Clogged fuel filter or pick up in the tank.

It shouldn't be a hard fix but I wouldn't suggest trying to use it till it is fixed. The saw is running way to lean and will score the piston and cylinder or worse, sieze up if you continue to try to use it.


----------



## jkupcha (Feb 27, 2009)

xcr440 said:


> Have you tried adjusting the high speed screw??



Thanks, I did it just makes the idle run higher. But still stalls when I pull the trigger.


----------



## jkupcha (Feb 27, 2009)

KsWoodsMan said:


> Plugged HS jet in the carb. Retuning might clear things out if it has set long.
> 
> Loose carb if the impulse line runs through the manifold/adapter.
> 
> ...




OK, so should I get some either and shoot it into the carb while running? I'll take a look at the fuel filter. Its supposed to be on a tube inside the tank and the instructions say to pull it out by hooking it with a wire. Thanks.


----------



## KsWoodsMan (Feb 27, 2009)

jkupcha said:


> Thanks, I did it just makes the idle run higher. But still stalls when I pull the trigger.



Thats either the Idle jet ( low speed ) or idle screw.

And NO *I* wouldnt spray ether in the carb. It has no lubricity for the bearings or the cylinder. 

The HS jet adjustment will be closer to the air filter than the LS adjustment. Idle adj. is usually above or below the jet settings.

You never mentioned if it was running good then wasn't or if it was put away and ran like this the next time it was used. Knowing this might (will) help in the direction you go trying to get it back in shape.


----------



## wkpoor (Feb 27, 2009)

I got one in my garage right now with the exact same problem.
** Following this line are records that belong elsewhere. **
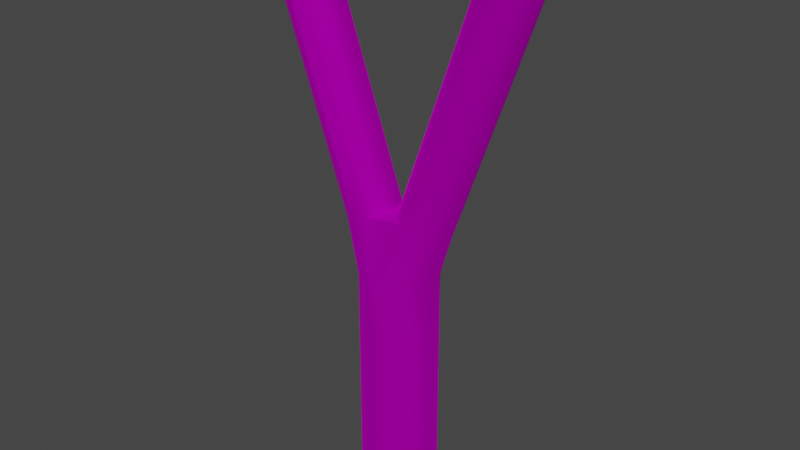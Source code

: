 # Source: slingshot.blend  (saved by Blender 2.91.10; exported with 4.5.12 LTS)
import bpy
from mathutils import Matrix  # noqa: F401  (used for matrix-valued properties, if any)

bpy.ops.wm.read_factory_settings(use_empty=True)
scene = bpy.context.scene
scene.name = 'Scene'

# ---- collections
col_collection = bpy.data.collections.new('Collection'); scene.collection.children.link(col_collection)

# ---- images (referenced by path relative to the original .blend; pixels are not part of the script)
import os
ASSET_DIR = os.environ.get("B2B_ASSET_DIR", "")  # directory of the original .blend (textures are referenced by path, not embedded)
HERE = os.path.dirname(os.path.abspath(__file__))  # packed textures are extracted next to this script under _unpacked/

def load_image(name, relpath, width, height, colorspace="sRGB"):
    """Load a texture the original file referenced (path relative to the .blend, or extracted next to this script)."""
    p = next((c for c in (os.path.join(HERE, relpath), os.path.join(ASSET_DIR, relpath)) if relpath and os.path.exists(c)), "")
    if p:
        img = bpy.data.images.load(p, check_existing=True)
        img.name = name
    else:  # same state as the original file: an image datablock whose file is absent (Cycles renders it pink)
        img = bpy.data.images.new(name, width, height)
        img.source = "FILE"
        img.filepath = "//" + (relpath or name)
    img.colorspace_settings.name = colorspace
    return img
img_colr_jpg_001 = load_image('colr.jpg.001', 'colr.jpg', 1024, 1024, 'sRGB')

# ---- materials (node trees are filled in below, after node groups)
mat_material = bpy.data.materials.new('Material')
mat_material.use_transparent_shadow = False
mat_material.roughness = 0.8965
mat_material.specular_intensity = 0.0
mat_material.metallic = 1.0

# ---- material node trees
mat_material.use_nodes = True; mat_material.node_tree.nodes.clear()
_N = mat_material.node_tree.nodes; _L = mat_material.node_tree.links
n0 = _N.new('ShaderNodeBsdfPrincipled'); n0.name = 'Principled BSDF'; n0.location = (10, 300)
n0.distribution = 'GGX'
n0.subsurface_method = 'BURLEY'
n0.inputs[1].default_value = 1.0
n0.inputs[2].default_value = 0.8965
n0.inputs[3].default_value = 1.45
n0.inputs[13].default_value = 0.0
n0.inputs[27].default_value = (0.0, 0.0, 0.0, 1.0)
n1 = _N.new('ShaderNodeOutputMaterial'); n1.name = 'Material Output'; n1.location = (300, 300)
n2 = _N.new('ShaderNodeNormalMap'); n2.name = 'Normal Map'; n2.location = (-300, -300)
n2.label = 'Normal/Map'
n2.inputs[0].default_value = 0.3
n3 = _N.new('ShaderNodeTexImage'); n3.name = 'Image Texture'; n3.location = (-280, 280)
n3.image = img_colr_jpg_001
_L.new(n0.outputs[0], n1.inputs[0])
_L.new(n2.outputs[0], n0.inputs[5])
_L.new(n3.outputs[0], n0.inputs[0])
n1.is_active_output = True

# ---- world
world_world = bpy.data.worlds.new('World'); scene.world = world_world
world_world.use_nodes = True; world_world.node_tree.nodes.clear()
_N = world_world.node_tree.nodes; _L = world_world.node_tree.links
n0 = _N.new('ShaderNodeOutputWorld'); n0.name = 'World Output'; n0.location = (300, 300)
n1 = _N.new('ShaderNodeBackground'); n1.name = 'Background'; n1.location = (10, 300)
n1.inputs[0].default_value = (0.05088, 0.05088, 0.05088, 1.0)
_L.new(n1.outputs[0], n0.inputs[0])
n0.is_active_output = True
world_world.color = (0.05088, 0.05088, 0.05088)
world_world.use_sun_shadow = False
world_world.sun_shadow_jitter_overblur = 0.0

# ---- meshes
me_mesh_001 = bpy.data.meshes.new('Mesh.001')
me_mesh_001.from_pydata([(7.889e-30, -4.349, 0.0), (0.6221, -4.349, 0.0), (0.6221, -3.624, 0.0), (0.6221, -2.899, 0.0), (0.6221, -2.174, 0.0), (0.6221, -1.45, 0.0), (0.6221, -0.7248, 0.0), (0.5917, -4.349, -0.1923), (0.5917, -3.624, -0.1923), (0.5917, -2.899, -0.1923), (0.5917, -2.174, -0.1923), (0.5917, -1.45, -0.1923), (0.5917, -0.7248, -0.1913), (0.5033, -4.349, -0.3657), (0.5033, -3.624, -0.3657), (0.5033, -2.899, -0.3657), (0.5033, -1.45, -0.3657), (0.5033, -2.174, -0.3657), (0.3657, -4.349, -0.5033), (0.5033, -0.7248, -0.3639), (0.3657, -2.899, -0.5033), (0.3657, -3.624, -0.5033), (0.3657, -1.45, -0.5033), (0.3657, -2.174, -0.5033), (0.1923, -4.349, -0.5917), (0.3657, -0.7248, -0.5009), (0.1923, -2.899, -0.5917), (0.1923, -3.624, -0.5917), (0.1923, -1.45, -0.5917), (0.1923, -2.174, -0.5917), (7.889e-30, -4.349, -0.6221), (0.1923, -0.7248, -0.5888), (7.889e-30, -2.174, -0.6221), (7.889e-30, -1.45, -0.6221), (7.889e-30, -3.624, -0.6221), (7.889e-30, -2.899, -0.6221), (0.5917, -3.624, 0.1923), (0.5917, -2.899, 0.1923), (7.889e-30, -0.7248, -0.6221), (0.5917, -4.349, 0.1923), (0.5917, -0.7248, 0.1913), (-0.1923, -4.349, -0.5917), (0.5917, -2.174, 0.1923), (0.5917, -1.45, 0.1923), (-0.1923, -2.174, -0.5917), (-0.1923, -1.45, -0.5917), (-0.1923, -3.624, -0.5917), (-0.1923, -2.899, -0.5917), (-0.9741, 1.564, -0.4627), (-0.7303, 0.8816, -0.4627), (-0.4864, 0.1991, -0.4627), (-0.1923, -0.7248, -0.5871), (-1.949, 4.294, -0.4627), (-1.706, 3.612, -0.4627), (-1.462, 2.929, -0.4627), (-1.218, 2.247, -0.4627), (-0.3657, -2.174, -0.5033), (-0.3657, -2.899, -0.5033), (-0.3657, -3.624, -0.5033), (-0.3657, -4.349, -0.5033), (-0.8936, 0.8233, -0.3936), (-0.6498, 0.1407, -0.3936), (-0.3657, -0.7248, -0.4994), (-0.3657, -1.45, -0.5033), (-2.113, 4.236, -0.3936), (-0.5033, -4.349, -0.3657), (-0.5033, -3.624, -0.3657), (-0.5033, -2.899, -0.3657), (-1.137, 1.506, -0.3936), (-1.381, 2.188, -0.3936), (-1.625, 2.871, -0.3936), (-1.869, 3.553, -0.3936), (-1.023, 0.777, -0.286), (-1.267, 1.46, -0.286), (-1.511, 2.142, -0.286), (-1.755, 2.825, -0.286), (-0.5033, -2.174, -0.3657), (-0.5033, -1.45, -0.3657), (-0.5033, -0.7248, -0.3628), (-0.7794, 0.0944, -0.286), (-0.5917, -2.174, -0.1923), (-0.5917, -2.899, -0.1923), (-0.5917, -0.7248, -0.1907), (-0.5917, -1.45, -0.1923), (-2.242, 4.19, -0.286), (-1.999, 3.507, -0.286), (-0.5917, -3.624, -0.1923), (-0.5917, -4.349, -0.1923), (-2.082, 3.477, -0.1503), (-1.838, 2.795, -0.1503), (-0.6221, -4.349, 0.0), (-2.326, 4.16, -0.1503), (-1.106, 0.7472, -0.1503), (-0.8626, 0.06468, -0.1503), (-1.594, 2.112, -0.1503), (-1.35, 1.43, -0.1503), (-1.135, 0.737, 0.0), (-1.379, 1.42, 0.0), (-0.6221, -0.7248, 0.0), (-0.8913, 0.05443, 0.0), (-0.6221, -2.174, 0.0), (-0.6221, -1.45, 0.0), (-0.6221, -3.624, 0.0), (-0.6221, -2.899, 0.0), (-0.5917, -2.899, 0.1923), (-0.5917, -2.174, 0.1923), (-0.5917, -4.349, 0.1923), (-0.5917, -3.624, 0.1923), (-2.11, 3.467, 0.0), (-2.354, 4.15, 0.0), (-1.623, 2.102, 0.0), (-1.867, 2.785, 0.0), (-2.082, 3.477, 0.1503), (-1.838, 2.795, 0.1503), (-1.594, 2.112, 0.1503), (-1.35, 1.43, 0.1503), (-1.106, 0.7472, 0.1503), (-0.8626, 0.06468, 0.1503), (-0.5917, -0.7248, 0.1907), (-0.5917, -1.45, 0.1923), (-0.7794, 0.0944, 0.286), (-0.5033, -0.7248, 0.3628), (-0.5033, -1.45, 0.3657), (-0.5033, -2.174, 0.3657), (-0.5033, -2.899, 0.3657), (-0.5033, -3.624, 0.3657), (-0.5033, -4.349, 0.3657), (-2.326, 4.16, 0.1503), (-0.3657, -2.174, 0.5033), (-0.3657, -2.899, 0.5033), (-0.3657, -0.7248, 0.4994), (-0.3657, -1.45, 0.5033), (-0.8936, 0.8233, 0.3936), (-0.6498, 0.1407, 0.3936), (-1.381, 2.188, 0.3936), (-1.137, 1.506, 0.3936), (-1.267, 1.46, 0.286), (-1.023, 0.777, 0.286), (-1.755, 2.825, 0.286), (-1.511, 2.142, 0.286), (-2.242, 4.19, 0.286), (-1.999, 3.507, 0.286), (-0.3657, -3.624, 0.5033), (-0.3657, -4.349, 0.5033), (-0.1923, -0.7248, 0.5871), (-0.4864, 0.1991, 0.4627), (-0.7303, 0.8816, 0.4627), (-0.9741, 1.564, 0.4627), (-1.218, 2.247, 0.4627), (-1.462, 2.929, 0.4627), (-1.706, 3.612, 0.4627), (-1.949, 4.294, 0.4627), (-1.625, 2.871, 0.3936), (-1.869, 3.553, 0.3936), (-2.113, 4.236, 0.3936), (-0.1923, -4.349, 0.5917), (-0.1923, -3.624, 0.5917), (-0.1923, -2.899, 0.5917), (-0.1923, -2.174, 0.5917), (-0.1923, -1.45, 0.5917), (0.1923, -0.7248, 0.5888), (0.1923, -1.45, 0.5917), (0.1923, -2.174, 0.5917), (0.1923, -2.899, 0.5917), (0.3657, -2.174, 0.5033), (0.3657, -2.899, 0.5033), (0.3657, -3.624, 0.5033), (0.3657, -4.349, 0.5033), (7.889e-30, -2.174, 0.6221), (7.889e-30, -2.899, 0.6221), (7.889e-30, -3.624, 0.6221), (7.889e-30, -4.349, 0.6221), (0.1923, -3.624, 0.5917), (0.1923, -4.349, 0.5917), (7.889e-30, -0.7248, 0.6221), (7.889e-30, -1.45, 0.6221), (0.8398, 2.48, 0.1428), (-0.2979, 0.2636, 0.3936), (-1.515, 3.677, 0.3936), (-1.759, 4.36, 0.3936), (-1.028, 2.312, 0.3936), (-1.272, 2.994, 0.3936), (-0.5414, 0.9462, 0.3936), (-0.7849, 1.629, 0.3936), (0.5033, -4.349, 0.3657), (0.5033, -3.624, 0.3657), (0.3657, -1.45, 0.5033), (0.3657, -0.7248, 0.5009), (0.5033, -1.45, 0.3657), (0.5033, -0.7248, 0.3639), (0.5033, -2.899, 0.3657), (0.5033, -2.174, 0.3657), (-1.386, 3.723, -0.286), (-1.142, 3.041, -0.286), (-0.08505, 0.3395, -0.1503), (-1.629, 4.406, -0.286), (-0.4118, 0.9925, -0.286), (-0.1683, 0.3098, -0.286), (-0.8987, 2.358, -0.286), (-0.6552, 1.675, -0.286), (-1.272, 2.994, -0.3936), (-1.028, 2.312, -0.3936), (-1.759, 4.36, -0.3936), (-1.515, 3.677, -0.3936), (-0.2979, 0.2636, -0.3936), (1.327, 3.846, 0.1428), (-0.7849, 1.629, -0.3936), (-0.5414, 0.9462, -0.3936), (-1.517, 4.446, 0.0), (-0.08505, 0.3395, 0.1503), (-0.3285, 1.022, 0.1503), (-0.572, 1.705, 0.1503), (-0.5433, 1.715, 0.0), (-0.7868, 2.398, 0.0), (-1.03, 3.08, 0.0), (-1.274, 3.763, 0.0), (-1.302, 3.753, -0.1503), (-1.546, 4.436, -0.1503), (-0.05637, 0.3497, 0.0), (-0.2998, 1.032, 0.0), (-0.3285, 1.022, -0.1503), (-0.572, 1.705, -0.1503), (-0.8155, 2.388, -0.1503), (-1.059, 3.07, -0.1503), (1.242, 2.34, -0.4394), (0.9985, 1.657, -0.4394), (0.7546, 0.9744, -0.4394), (0.5108, 0.2919, -0.4394), (1.653, 4.499, 0.2716), (-1.629, 4.406, 0.286), (-1.386, 3.723, 0.286), (-1.142, 3.041, 0.286), (-0.8987, 2.358, 0.286), (-0.6552, 1.675, 0.286), (-0.4118, 0.9925, 0.286), (-0.1683, 0.3098, 0.286), (-1.546, 4.436, 0.1503), (-1.302, 3.753, 0.1503), (-1.059, 3.07, 0.1503), (-0.8155, 2.388, 0.1503), (1.291, 1.552, -0.2716), (1.535, 2.235, -0.2716), (0.8037, 0.1872, -0.2716), (1.048, 0.8698, -0.2716), (2.137, 4.329, -0.3738), (1.167, 3.133, 0.2716), (1.649, 2.964, -0.3738), (1.893, 3.646, -0.3738), (1.162, 1.599, -0.3738), (1.406, 2.281, -0.3738), (0.6741, 0.2335, -0.3738), (0.918, 0.9161, -0.3738), (1.974, 4.387, -0.4394), (1.41, 3.816, 0.2716), (1.486, 3.022, -0.4394), (1.73, 3.705, -0.4394), (0.4361, 1.085, 0.2716), (2.379, 4.243, 0.0), (2.135, 3.56, 0.0), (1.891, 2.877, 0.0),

I haven't done much with it but suspect possible tank vent plugged. Seen it on other saws and it mimics a high speed adjustment problem.
On a side note, that saw has got to be one of the most under powered 45cc saws I have ever ran. What a dog! Do your self a favor and through it in the lake, Epay it or what ever and get a Dolmar 5100 or Husky 346NE and you won't believe the difference.


----------



## ultimate buzz (Feb 27, 2009)

*echo power problem*

I don't know if this will help or not ,but whenever my echo 346's gets "doggy" it usually means I have to clean the crud built up in my spark arrester in the muffler. Check it out. Slowly but surely I am getting rid of the under powered echos I own (2 346's and 2 370's), and replacing them with Jonsereds.My 370s are the most cold blooded saws I have ever owned. They take forever to warm up and run decent.-ken


----------



## jkupcha (Feb 28, 2009)

KsWoodsMan said:


> Thats either the Idle jet ( low speed ) or idle screw.
> 
> And NO *I* wouldnt spray ether in the carb. It has no lubricity for the bearings or the cylinder.
> 
> ...



Well I have been using it regularly. It started bogging down slowly. I would eventually be able to "milk" it up and it would work fine. But after several days of that it became impossible to get it to run at high speed. I will try your suggestions - Thanks


----------



## alderman (Feb 28, 2009)

*I'd clean the spark arrestor.*

As already suggested. It's an easy fix if that's the problem.


----------



## rtrsam (Feb 28, 2009)

Sounds like your Low speed screw is too lean. The leaner your low speed, that faster you idle. So as you open it up a half turn or so, it may slow your idle to the point that your saw dies. Treat this by screwing in your throttle (T) screw so that as you slow down the idle speed by making the low speed richer. you bring the idle speed back up to spec by increasing the throttle speed.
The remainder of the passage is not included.